“Human beings rarely make mistakes. ML model gets 95% precision, whereas most human beings would have a 99.9% precision,” said Devashish Shankar, Principal Architect at Drishti. California-headquartered Drishti provides AI-powered video analytics technology to optimise the manual assembly processes in the manufacturing industry. With over eight years of experience in AI to boot, Devashish has been instrumental in developing Drishti’s data platform and core action recognition model.

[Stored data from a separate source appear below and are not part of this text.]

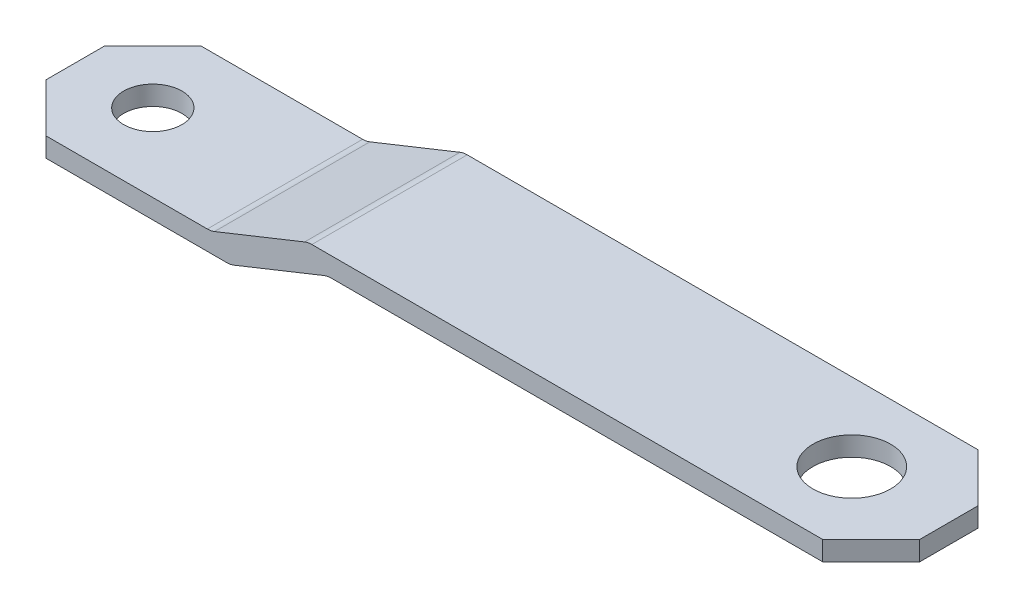
ISO-10303-21;
HEADER;
FILE_DESCRIPTION(('STEP AP214'),'2;1');
FILE_NAME('part.step','',(''),(''),'','','');
FILE_SCHEMA(('AUTOMOTIVE_DESIGN { 1 0 10303 214 1 1 1 1 }'));
ENDSEC;
DATA;
#1=APPLICATION_CONTEXT('core data for automotive mechanical design processes');
#2=APPLICATION_PROTOCOL_DEFINITION('international standard','automotive_design',2000,#1);
#3=PRODUCT_CONTEXT('',#1,'mechanical');
#4=PRODUCT('Part','Part','',(#3));
#5=PRODUCT_RELATED_PRODUCT_CATEGORY('part','',(#4));
#6=PRODUCT_DEFINITION_FORMATION('','',#4);
#7=PRODUCT_DEFINITION_CONTEXT('part definition',#1,'design');
#8=PRODUCT_DEFINITION('design','',#6,#7);
#9=PRODUCT_DEFINITION_SHAPE('','',#8);
#10=(LENGTH_UNIT() NAMED_UNIT(*) SI_UNIT(.MILLI.,.METRE.));
#11=(NAMED_UNIT(*) PLANE_ANGLE_UNIT() SI_UNIT($,.RADIAN.));
#12=(NAMED_UNIT(*) SI_UNIT($,.STERADIAN.) SOLID_ANGLE_UNIT());
#13=UNCERTAINTY_MEASURE_WITH_UNIT(LENGTH_MEASURE(1.E-05),#10,'distance_accuracy_value','');
#14=(GEOMETRIC_REPRESENTATION_CONTEXT(3) GLOBAL_UNCERTAINTY_ASSIGNED_CONTEXT((#13)) GLOBAL_UNIT_ASSIGNED_CONTEXT((#10,
#11,#12)) REPRESENTATION_CONTEXT('',''));
#15=CARTESIAN_POINT('',(0.,0.,0.));
#16=DIRECTION('',(0.,0.,1.));
#17=DIRECTION('',(1.,0.,0.));
#18=AXIS2_PLACEMENT_3D('',#15,#16,#17);
#19=CARTESIAN_POINT('',(0.,2.,16.));
#20=DIRECTION('',(1.,0.,0.));
#21=DIRECTION('',(0.,1.,0.));
#22=AXIS2_PLACEMENT_3D('',#19,#20,#21);
#23=PLANE('',#22);
#24=DIRECTION('',(0.,0.,-1.));
#25=VECTOR('',#24,1.);
#26=CARTESIAN_POINT('',(0.,0.,16.));
#27=LINE('',#26,#25);
#28=CARTESIAN_POINT('',(0.,0.,11.));
#29=VERTEX_POINT('',#28);
#30=CARTESIAN_POINT('',(0.,0.,5.00000000000001));
#31=VERTEX_POINT('',#30);
#32=EDGE_CURVE('E200',#29,#31,#27,.T.);
#33=ORIENTED_EDGE('',*,*,#32,.F.);
#34=DIRECTION('',(0.,1.,0.));
#35=VECTOR('',#34,1.);
#36=CARTESIAN_POINT('',(0.,2.,11.));
#37=LINE('',#36,#35);
#38=CARTESIAN_POINT('',(0.,2.,11.));
#39=VERTEX_POINT('',#38);
#40=EDGE_CURVE('E42',#29,#39,#37,.T.);
#41=ORIENTED_EDGE('',*,*,#40,.T.);
#42=DIRECTION('',(0.,0.,-1.));
#43=VECTOR('',#42,1.);
#44=CARTESIAN_POINT('',(0.,2.,16.));
#45=LINE('',#44,#43);
#46=CARTESIAN_POINT('',(0.,2.,5.00000000000001));
#47=VERTEX_POINT('',#46);
#48=EDGE_CURVE('E194',#39,#47,#45,.T.);
#49=ORIENTED_EDGE('',*,*,#48,.T.);
#50=DIRECTION('',(0.,-1.,0.));
#51=VECTOR('',#50,1.);
#52=CARTESIAN_POINT('',(0.,2.,5.));
#53=LINE('',#52,#51);
#54=EDGE_CURVE('E260',#47,#31,#53,.T.);
#55=ORIENTED_EDGE('',*,*,#54,.T.);
#56=EDGE_LOOP('',(#33,#41,#49,#55));
#57=FACE_BOUND('',#56,.T.);
#58=ADVANCED_FACE('F35',(#57),#23,.F.);
#59=CARTESIAN_POINT('',(0.,0.,16.));
#60=DIRECTION('',(0.,1.,0.));
#61=DIRECTION('',(0.,0.,1.));
#62=AXIS2_PLACEMENT_3D('',#59,#60,#61);
#63=PLANE('',#62);
#64=CARTESIAN_POINT('',(8.,0.,8.));
#65=DIRECTION('',(0.,-1.,0.));
#66=DIRECTION('',(0.,0.,-1.));
#67=AXIS2_PLACEMENT_3D('',#64,#65,#66);
#68=CIRCLE('',#67,3.);
#69=CARTESIAN_POINT('',(8.,0.,5.));
#70=VERTEX_POINT('',#69);
#71=EDGE_CURVE('E237',#70,#70,#68,.T.);
#72=ORIENTED_EDGE('',*,*,#71,.F.);
#73=EDGE_LOOP('',(#72));
#74=FACE_BOUND('',#73,.T.);
#75=DIRECTION('',(1.,0.,0.));
#76=VECTOR('',#75,1.);
#77=CARTESIAN_POINT('',(0.,0.,16.));
#78=LINE('',#77,#76);
#79=CARTESIAN_POINT('',(5.,0.,16.));
#80=VERTEX_POINT('',#79);
#81=CARTESIAN_POINT('',(23.6148351928655,0.,16.));
#82=VERTEX_POINT('',#81);
#83=EDGE_CURVE('E175',#80,#82,#78,.T.);
#84=ORIENTED_EDGE('',*,*,#83,.F.);
#85=DIRECTION('',(-0.707106781186546,0.,-0.707106781186549));
#86=VECTOR('',#85,1.);
#87=CARTESIAN_POINT('',(5.,0.,16.));
#88=LINE('',#87,#86);
#89=EDGE_CURVE('E56',#80,#29,#88,.T.);
#90=ORIENTED_EDGE('',*,*,#89,.T.);
#91=ORIENTED_EDGE('',*,*,#32,.T.);
#92=DIRECTION('',(-0.707106781186549,0.,0.707106781186546));
#93=VECTOR('',#92,1.);
#94=CARTESIAN_POINT('',(0.,0.,5.));
#95=LINE('',#94,#93);
#96=CARTESIAN_POINT('',(5.00000000000002,0.,0.));
#97=VERTEX_POINT('',#96);
#98=EDGE_CURVE('E263',#31,#97,#95,.F.);
#99=ORIENTED_EDGE('',*,*,#98,.T.);
#100=DIRECTION('',(1.,0.,0.));
#101=VECTOR('',#100,1.);
#102=CARTESIAN_POINT('',(0.,0.,0.));
#103=LINE('',#102,#101);
#104=CARTESIAN_POINT('',(23.6148351928655,0.,0.));
#105=VERTEX_POINT('',#104);
#106=EDGE_CURVE('E236',#97,#105,#103,.T.);
#107=ORIENTED_EDGE('',*,*,#106,.T.);
#108=DIRECTION('',(0.,0.,-1.));
#109=VECTOR('',#108,1.);
#110=CARTESIAN_POINT('',(23.6148351928655,0.,16.));
#111=LINE('',#110,#109);
#112=EDGE_CURVE('E223',#105,#82,#111,.F.);
#113=ORIENTED_EDGE('',*,*,#112,.T.);
#114=EDGE_LOOP('',(#84,#90,#91,#99,#107,#113));
#115=FACE_BOUND('',#114,.T.);
#116=ADVANCED_FACE('F279',(#74,#115),#63,.F.);
#117=CARTESIAN_POINT('',(24.,0.,16.));
#118=DIRECTION('',(-0.371390676354103,0.928476690885259,0.));
#119=DIRECTION('',(-0.92847669088526,-0.371390676354103,0.));
#120=AXIS2_PLACEMENT_3D('',#117,#118,#119);
#121=PLANE('',#120);
#122=DIRECTION('',(0.928476690885259,0.371390676354103,0.));
#123=VECTOR('',#122,1.);
#124=CARTESIAN_POINT('',(24.,0.,0.));
#125=LINE('',#124,#123);
#126=CARTESIAN_POINT('',(24.3576165455737,0.143046618229481,0.));
#127=VERTEX_POINT('',#126);
#128=CARTESIAN_POINT('',(33.6423834544263,3.85695338177051,0.));
#129=VERTEX_POINT('',#128);
#130=EDGE_CURVE('E292',#127,#129,#125,.T.);
#131=ORIENTED_EDGE('',*,*,#130,.T.);
#132=DIRECTION('',(0.,0.,-1.));
#133=VECTOR('',#132,1.);
#134=CARTESIAN_POINT('',(33.6423834544263,3.85695338177051,16.));
#135=LINE('',#134,#133);
#136=CARTESIAN_POINT('',(33.6423834544263,3.85695338177051,16.));
#137=VERTEX_POINT('',#136);
#138=EDGE_CURVE('E218',#129,#137,#135,.F.);
#139=ORIENTED_EDGE('',*,*,#138,.T.);
#140=DIRECTION('',(0.928476690885259,0.371390676354103,0.));
#141=VECTOR('',#140,1.);
#142=CARTESIAN_POINT('',(24.,0.,16.));
#143=LINE('',#142,#141);
#144=CARTESIAN_POINT('',(24.3576165455737,0.143046618229481,16.));
#145=VERTEX_POINT('',#144);
#146=EDGE_CURVE('E182',#145,#137,#143,.T.);
#147=ORIENTED_EDGE('',*,*,#146,.F.);
#148=DIRECTION('',(0.,0.,-1.));
#149=VECTOR('',#148,1.);
#150=CARTESIAN_POINT('',(24.3576165455737,0.143046618229481,16.));
#151=LINE('',#150,#149);
#152=EDGE_CURVE('E215',#145,#127,#151,.T.);
#153=ORIENTED_EDGE('',*,*,#152,.T.);
#154=EDGE_LOOP('',(#131,#139,#147,#153));
#155=FACE_BOUND('',#154,.T.);
#156=ADVANCED_FACE('F289',(#155),#121,.F.);
#157=CARTESIAN_POINT('',(34.,3.99999999999999,16.));
#158=DIRECTION('',(0.,1.,0.));
#159=DIRECTION('',(0.,0.,1.));
#160=AXIS2_PLACEMENT_3D('',#157,#158,#159);
#161=PLANE('',#160);
#162=CARTESIAN_POINT('',(80.,3.99999999999999,8.));
#163=DIRECTION('',(0.,1.,0.));
#164=DIRECTION('',(0.,0.,1.));
#165=AXIS2_PLACEMENT_3D('',#162,#163,#164);
#166=CIRCLE('',#165,4.00000000000001);
#167=CARTESIAN_POINT('',(80.,3.99999999999999,12.));
#168=VERTEX_POINT('',#167);
#169=EDGE_CURVE('E241',#168,#168,#166,.T.);
#170=ORIENTED_EDGE('',*,*,#169,.T.);
#171=EDGE_LOOP('',(#170));
#172=FACE_BOUND('',#171,.T.);
#173=DIRECTION('',(0.,0.,-1.));
#174=VECTOR('',#173,1.);
#175=CARTESIAN_POINT('',(90.,3.99999999999999,16.));
#176=LINE('',#175,#174);
#177=CARTESIAN_POINT('',(90.,3.99999999999999,11.));
#178=VERTEX_POINT('',#177);
#179=CARTESIAN_POINT('',(90.,3.99999999999999,5.00000000000001));
#180=VERTEX_POINT('',#179);
#181=EDGE_CURVE('E198',#178,#180,#176,.T.);
#182=ORIENTED_EDGE('',*,*,#181,.F.);
#183=DIRECTION('',(-0.707106781186547,0.,0.707106781186548));
#184=VECTOR('',#183,1.);
#185=CARTESIAN_POINT('',(85.,3.99999999999999,16.));
#186=LINE('',#185,#184);
#187=CARTESIAN_POINT('',(85.,3.99999999999999,16.));
#188=VERTEX_POINT('',#187);
#189=EDGE_CURVE('E258',#178,#188,#186,.T.);
#190=ORIENTED_EDGE('',*,*,#189,.T.);
#191=DIRECTION('',(1.,0.,0.));
#192=VECTOR('',#191,1.);
#193=CARTESIAN_POINT('',(34.,3.99999999999999,16.));
#194=LINE('',#193,#192);
#195=CARTESIAN_POINT('',(34.3851648071345,3.99999999999999,16.));
#196=VERTEX_POINT('',#195);
#197=EDGE_CURVE('E185',#196,#188,#194,.T.);
#198=ORIENTED_EDGE('',*,*,#197,.F.);
#199=DIRECTION('',(0.,0.,-1.));
#200=VECTOR('',#199,1.);
#201=CARTESIAN_POINT('',(34.3851648071345,3.99999999999999,0.));
#202=LINE('',#201,#200);
#203=CARTESIAN_POINT('',(34.3851648071345,3.99999999999999,0.));
#204=VERTEX_POINT('',#203);
#205=EDGE_CURVE('E212',#196,#204,#202,.T.);
#206=ORIENTED_EDGE('',*,*,#205,.T.);
#207=DIRECTION('',(1.,0.,0.));
#208=VECTOR('',#207,1.);
#209=CARTESIAN_POINT('',(34.,3.99999999999999,0.));
#210=LINE('',#209,#208);
#211=CARTESIAN_POINT('',(85.,3.99999999999999,0.));
#212=VERTEX_POINT('',#211);
#213=EDGE_CURVE('E177',#204,#212,#210,.T.);
#214=ORIENTED_EDGE('',*,*,#213,.T.);
#215=DIRECTION('',(-0.707106781186549,0.,-0.707106781186547));
#216=VECTOR('',#215,1.);
#217=CARTESIAN_POINT('',(90.,3.99999999999999,5.));
#218=LINE('',#217,#216);
#219=EDGE_CURVE('E248',#212,#180,#218,.F.);
#220=ORIENTED_EDGE('',*,*,#219,.T.);
#221=EDGE_LOOP('',(#182,#190,#198,#206,#214,#220));
#222=FACE_BOUND('',#221,.T.);
#223=ADVANCED_FACE('F300',(#172,#222),#161,.F.);
#224=CARTESIAN_POINT('',(90.,3.99999999999999,16.));
#225=DIRECTION('',(-1.,0.,0.));
#226=DIRECTION('',(0.,0.,1.));
#227=AXIS2_PLACEMENT_3D('',#224,#225,#226);
#228=PLANE('',#227);
#229=DIRECTION('',(0.,0.,-1.));
#230=VECTOR('',#229,1.);
#231=CARTESIAN_POINT('',(90.,6.,16.));
#232=LINE('',#231,#230);
#233=CARTESIAN_POINT('',(90.,6.,11.));
#234=VERTEX_POINT('',#233);
#235=CARTESIAN_POINT('',(90.,6.,5.00000000000001));
#236=VERTEX_POINT('',#235);
#237=EDGE_CURVE('E196',#234,#236,#232,.T.);
#238=ORIENTED_EDGE('',*,*,#237,.F.);
#239=DIRECTION('',(0.,-1.,0.));
#240=VECTOR('',#239,1.);
#241=CARTESIAN_POINT('',(90.,3.99999999999999,11.));
#242=LINE('',#241,#240);
#243=EDGE_CURVE('E256',#234,#178,#242,.T.);
#244=ORIENTED_EDGE('',*,*,#243,.T.);
#245=ORIENTED_EDGE('',*,*,#181,.T.);
#246=DIRECTION('',(0.,1.,0.));
#247=VECTOR('',#246,1.);
#248=CARTESIAN_POINT('',(90.,3.99999999999999,5.));
#249=LINE('',#248,#247);
#250=EDGE_CURVE('E232',#180,#236,#249,.T.);
#251=ORIENTED_EDGE('',*,*,#250,.T.);
#252=EDGE_LOOP('',(#238,#244,#245,#251));
#253=FACE_BOUND('',#252,.T.);
#254=ADVANCED_FACE('F343',(#253),#228,.F.);
#255=CARTESIAN_POINT('',(90.,6.,16.));
#256=DIRECTION('',(0.,-1.,0.));
#257=DIRECTION('',(1.,0.,0.));
#258=AXIS2_PLACEMENT_3D('',#255,#256,#257);
#259=PLANE('',#258);
#260=CARTESIAN_POINT('',(80.,6.,8.));
#261=DIRECTION('',(0.,-1.,0.));
#262=DIRECTION('',(1.,0.,0.));
#263=AXIS2_PLACEMENT_3D('',#260,#261,#262);
#264=CIRCLE('',#263,4.00000000000001);
#265=CARTESIAN_POINT('',(84.,6.,8.));
#266=VERTEX_POINT('',#265);
#267=EDGE_CURVE('E238',#266,#266,#264,.T.);
#268=ORIENTED_EDGE('',*,*,#267,.T.);
#269=EDGE_LOOP('',(#268));
#270=FACE_BOUND('',#269,.T.);
#271=DIRECTION('',(-1.,0.,0.));
#272=VECTOR('',#271,1.);
#273=CARTESIAN_POINT('',(90.,6.,16.));
#274=LINE('',#273,#272);
#275=CARTESIAN_POINT('',(85.,6.,16.));
#276=VERTEX_POINT('',#275);
#277=CARTESIAN_POINT('',(32.3851648071345,5.99999999999999,16.));
#278=VERTEX_POINT('',#277);
#279=EDGE_CURVE('E188',#276,#278,#274,.T.);
#280=ORIENTED_EDGE('',*,*,#279,.F.);
#281=DIRECTION('',(0.707106781186547,0.,-0.707106781186548));
#282=VECTOR('',#281,1.);
#283=CARTESIAN_POINT('',(85.,6.,16.));
#284=LINE('',#283,#282);
#285=EDGE_CURVE('E254',#276,#234,#284,.T.);
#286=ORIENTED_EDGE('',*,*,#285,.T.);
#287=ORIENTED_EDGE('',*,*,#237,.T.);
#288=DIRECTION('',(0.707106781186549,0.,0.707106781186547));
#289=VECTOR('',#288,1.);
#290=CARTESIAN_POINT('',(90.,6.,5.));
#291=LINE('',#290,#289);
#292=CARTESIAN_POINT('',(85.,6.,0.));
#293=VERTEX_POINT('',#292);
#294=EDGE_CURVE('E244',#236,#293,#291,.F.);
#295=ORIENTED_EDGE('',*,*,#294,.T.);
#296=DIRECTION('',(-1.,0.,0.));
#297=VECTOR('',#296,1.);
#298=CARTESIAN_POINT('',(90.,6.,0.));
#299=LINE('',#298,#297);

During his talk at the MLDS Conference, ‘New developments in Deep Learning for unlikely industries’, Shankar outlined Drishti’s industrial applications of AI in manufacturing. The company leverages deep learning and computer vision to automate the analysis of factory floor videos. Essentially, the company has installed cameras on assembly lines that capture videos on which the company runs object detection, anomaly detection and action recognition. Then, the data is sent to industrial engineers to improve the line. During the talk, Shankar discussed Drishti’s major AI use-cases.
Sign up for your weekly dose of what's up in emerging technology.
Cycle detection and action detection
The first use-case is in cycle and action detection in the assembly line. Essentially, the cycle is a unit of work. “(The unit) comes into the station, some actions are performed on it, and then that unit leaves. The entire sequence is called a cycle,” Shankar said. Action detection is done within these cycles. Shankar illustrated how repetitive cycles are accompanied by data on the actions being performed, time taken to complete the cycle and time taken to complete each action.
The cycle starts and ends with the unit coming and going, and is solved using standard object detection techniques. “The neural network is operating at a frame level. Each frame detects if the unit is present and where it is present. On top of that, you do heuristics to define the cycle,” he added.
Anomaly detection through configurable heuristics FSM
Manufacturers are expected to follow ‘standardised work’, a specific sequence of actions, and an incorrect sequence or missed steps can lead to product defects. Anomaly detection identifies outliers in the system. The neural network tracks the unit in its field of view, detects the actions and attaches them to the cycle. Shankar explained the machine’s responses to the cycles through a toy experiment, where, if the cycle is correct, the actions are shown as ‘successful’ and tagged in green. In the opposite case, the device red flags it.
Given the complexities in the cycle, Drishti’s FSM can be configured based on conflict changes to define custom rule engines for each station. Additionally, the semi-supervised model allows training on minimal object data.
Variation in unit detection
A common issue in manufacturing is the variation on the factory floor, from unit sizes, locations, irregular trajectories, multiple units in the field of view, variations in hands and clothes of operators, background changes, lighting changes and more. This leads to different frames in the video showing conflicting images. So, the deep learning model is trained on different variations and sampling to reach the desired level of accuracy.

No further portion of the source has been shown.